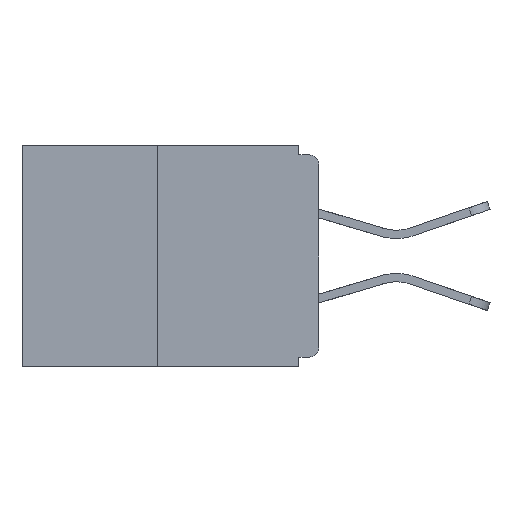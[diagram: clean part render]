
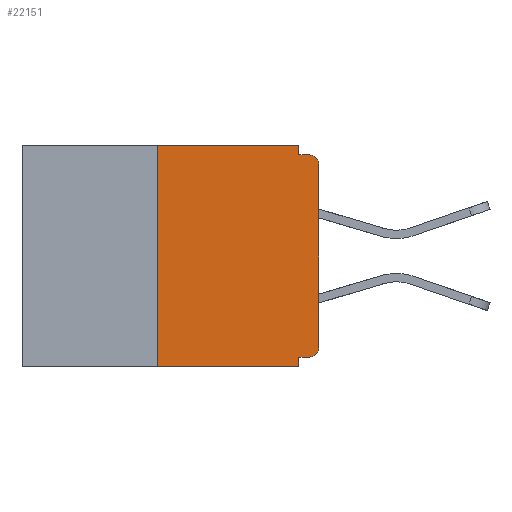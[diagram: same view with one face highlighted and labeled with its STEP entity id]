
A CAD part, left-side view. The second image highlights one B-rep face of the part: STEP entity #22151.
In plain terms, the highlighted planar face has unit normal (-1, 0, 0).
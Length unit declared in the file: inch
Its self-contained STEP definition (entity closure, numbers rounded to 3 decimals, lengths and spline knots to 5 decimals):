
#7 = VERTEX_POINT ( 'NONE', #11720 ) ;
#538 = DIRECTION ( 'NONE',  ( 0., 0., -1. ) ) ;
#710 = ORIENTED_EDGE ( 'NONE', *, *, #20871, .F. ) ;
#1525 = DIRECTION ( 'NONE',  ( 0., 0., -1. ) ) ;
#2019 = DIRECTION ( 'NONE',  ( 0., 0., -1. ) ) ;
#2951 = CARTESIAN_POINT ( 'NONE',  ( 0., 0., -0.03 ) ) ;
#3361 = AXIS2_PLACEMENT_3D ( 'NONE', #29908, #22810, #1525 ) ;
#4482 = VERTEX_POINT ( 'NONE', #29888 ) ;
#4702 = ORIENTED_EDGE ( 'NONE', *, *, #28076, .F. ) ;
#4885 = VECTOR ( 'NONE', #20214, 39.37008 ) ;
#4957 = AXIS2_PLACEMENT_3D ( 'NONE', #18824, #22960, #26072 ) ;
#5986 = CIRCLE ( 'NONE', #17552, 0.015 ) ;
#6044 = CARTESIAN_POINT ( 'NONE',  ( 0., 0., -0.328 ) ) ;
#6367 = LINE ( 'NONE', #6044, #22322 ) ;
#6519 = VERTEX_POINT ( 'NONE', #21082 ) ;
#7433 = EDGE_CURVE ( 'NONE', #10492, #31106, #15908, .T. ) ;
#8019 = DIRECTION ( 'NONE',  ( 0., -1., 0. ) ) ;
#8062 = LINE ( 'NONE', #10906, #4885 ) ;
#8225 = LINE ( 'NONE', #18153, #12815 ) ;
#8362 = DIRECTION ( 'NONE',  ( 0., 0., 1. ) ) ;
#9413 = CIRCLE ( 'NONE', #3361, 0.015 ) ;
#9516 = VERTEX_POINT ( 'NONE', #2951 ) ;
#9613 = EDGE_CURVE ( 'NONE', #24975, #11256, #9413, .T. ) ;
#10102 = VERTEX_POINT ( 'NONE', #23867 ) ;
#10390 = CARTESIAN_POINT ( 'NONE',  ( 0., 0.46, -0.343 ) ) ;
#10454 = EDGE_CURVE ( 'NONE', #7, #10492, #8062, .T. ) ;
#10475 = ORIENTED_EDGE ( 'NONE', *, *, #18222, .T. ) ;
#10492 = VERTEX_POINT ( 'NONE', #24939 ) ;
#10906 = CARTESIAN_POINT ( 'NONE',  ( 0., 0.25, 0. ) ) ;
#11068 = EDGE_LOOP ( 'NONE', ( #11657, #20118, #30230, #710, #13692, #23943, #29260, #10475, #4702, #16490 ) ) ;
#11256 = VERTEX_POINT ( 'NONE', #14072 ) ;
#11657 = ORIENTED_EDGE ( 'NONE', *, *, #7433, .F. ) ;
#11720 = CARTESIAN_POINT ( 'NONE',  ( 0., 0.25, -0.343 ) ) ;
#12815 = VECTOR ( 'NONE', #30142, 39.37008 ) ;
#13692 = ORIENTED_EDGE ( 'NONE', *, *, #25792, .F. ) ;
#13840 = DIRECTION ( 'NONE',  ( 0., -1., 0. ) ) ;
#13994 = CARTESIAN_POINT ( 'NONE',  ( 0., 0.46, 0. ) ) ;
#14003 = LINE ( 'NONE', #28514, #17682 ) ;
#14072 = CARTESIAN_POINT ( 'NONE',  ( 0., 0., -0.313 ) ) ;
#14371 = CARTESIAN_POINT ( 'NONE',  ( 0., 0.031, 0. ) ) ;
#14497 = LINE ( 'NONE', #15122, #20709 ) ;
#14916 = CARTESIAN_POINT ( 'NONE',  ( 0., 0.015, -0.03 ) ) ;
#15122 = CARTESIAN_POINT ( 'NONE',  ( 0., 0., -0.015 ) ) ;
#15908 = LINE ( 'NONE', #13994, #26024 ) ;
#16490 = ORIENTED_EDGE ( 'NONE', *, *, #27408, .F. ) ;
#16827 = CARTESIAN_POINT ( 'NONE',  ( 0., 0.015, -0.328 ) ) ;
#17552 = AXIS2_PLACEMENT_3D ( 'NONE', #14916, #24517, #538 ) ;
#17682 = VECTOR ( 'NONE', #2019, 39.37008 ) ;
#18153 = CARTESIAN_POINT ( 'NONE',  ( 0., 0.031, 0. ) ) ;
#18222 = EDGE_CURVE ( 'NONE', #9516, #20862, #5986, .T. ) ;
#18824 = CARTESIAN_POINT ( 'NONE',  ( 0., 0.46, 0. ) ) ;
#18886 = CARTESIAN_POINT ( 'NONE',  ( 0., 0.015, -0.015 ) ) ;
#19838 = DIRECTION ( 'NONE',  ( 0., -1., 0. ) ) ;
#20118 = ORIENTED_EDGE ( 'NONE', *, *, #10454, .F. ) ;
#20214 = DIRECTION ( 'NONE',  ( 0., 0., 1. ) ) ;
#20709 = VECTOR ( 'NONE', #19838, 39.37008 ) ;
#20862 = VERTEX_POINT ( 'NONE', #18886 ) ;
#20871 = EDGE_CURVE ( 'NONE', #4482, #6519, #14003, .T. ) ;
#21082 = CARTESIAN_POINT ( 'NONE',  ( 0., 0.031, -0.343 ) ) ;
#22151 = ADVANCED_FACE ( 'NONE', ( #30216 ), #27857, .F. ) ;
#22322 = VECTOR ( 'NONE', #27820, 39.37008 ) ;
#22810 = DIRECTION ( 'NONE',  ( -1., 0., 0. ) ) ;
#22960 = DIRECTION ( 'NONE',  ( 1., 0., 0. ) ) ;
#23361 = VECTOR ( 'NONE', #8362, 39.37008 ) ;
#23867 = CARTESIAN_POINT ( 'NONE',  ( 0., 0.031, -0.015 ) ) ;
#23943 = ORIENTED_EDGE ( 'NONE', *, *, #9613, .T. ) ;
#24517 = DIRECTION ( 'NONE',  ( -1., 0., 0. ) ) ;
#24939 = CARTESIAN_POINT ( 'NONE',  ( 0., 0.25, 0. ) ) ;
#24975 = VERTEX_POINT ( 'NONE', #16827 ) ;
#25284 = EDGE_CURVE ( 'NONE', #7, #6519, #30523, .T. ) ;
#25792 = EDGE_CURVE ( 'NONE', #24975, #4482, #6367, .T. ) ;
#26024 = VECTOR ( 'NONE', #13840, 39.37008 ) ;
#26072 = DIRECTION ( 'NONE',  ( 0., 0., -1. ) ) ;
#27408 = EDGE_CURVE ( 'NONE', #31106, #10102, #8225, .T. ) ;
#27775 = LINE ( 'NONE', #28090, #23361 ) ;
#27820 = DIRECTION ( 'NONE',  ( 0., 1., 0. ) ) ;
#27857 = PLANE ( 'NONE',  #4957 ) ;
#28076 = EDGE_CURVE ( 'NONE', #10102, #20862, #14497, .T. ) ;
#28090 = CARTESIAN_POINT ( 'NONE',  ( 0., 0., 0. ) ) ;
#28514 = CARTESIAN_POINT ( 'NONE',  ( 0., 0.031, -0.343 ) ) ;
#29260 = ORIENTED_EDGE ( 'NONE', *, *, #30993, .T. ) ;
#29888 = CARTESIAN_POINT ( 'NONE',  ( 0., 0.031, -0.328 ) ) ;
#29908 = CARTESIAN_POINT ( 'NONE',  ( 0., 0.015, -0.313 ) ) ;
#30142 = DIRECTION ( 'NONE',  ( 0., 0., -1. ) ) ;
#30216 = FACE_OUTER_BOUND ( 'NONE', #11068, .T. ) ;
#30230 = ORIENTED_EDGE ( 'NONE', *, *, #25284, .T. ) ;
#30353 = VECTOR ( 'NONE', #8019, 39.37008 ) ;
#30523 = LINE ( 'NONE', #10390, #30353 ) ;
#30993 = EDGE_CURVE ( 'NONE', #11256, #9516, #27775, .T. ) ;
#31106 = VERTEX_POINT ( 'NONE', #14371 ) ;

+-------+

What you are asked to do: In the entries above, some lines hold the string "VECTOR". Copy each of them.

Solution for this problem:
#4885 = VECTOR ( 'NONE', #20214, 39.37008 ) ;
#12815 = VECTOR ( 'NONE', #30142, 39.37008 ) ;
#17682 = VECTOR ( 'NONE', #2019, 39.37008 ) ;
#20709 = VECTOR ( 'NONE', #19838, 39.37008 ) ;
#22322 = VECTOR ( 'NONE', #27820, 39.37008 ) ;
#23361 = VECTOR ( 'NONE', #8362, 39.37008 ) ;
#26024 = VECTOR ( 'NONE', #13840, 39.37008 ) ;
#30353 = VECTOR ( 'NONE', #8019, 39.37008 ) ;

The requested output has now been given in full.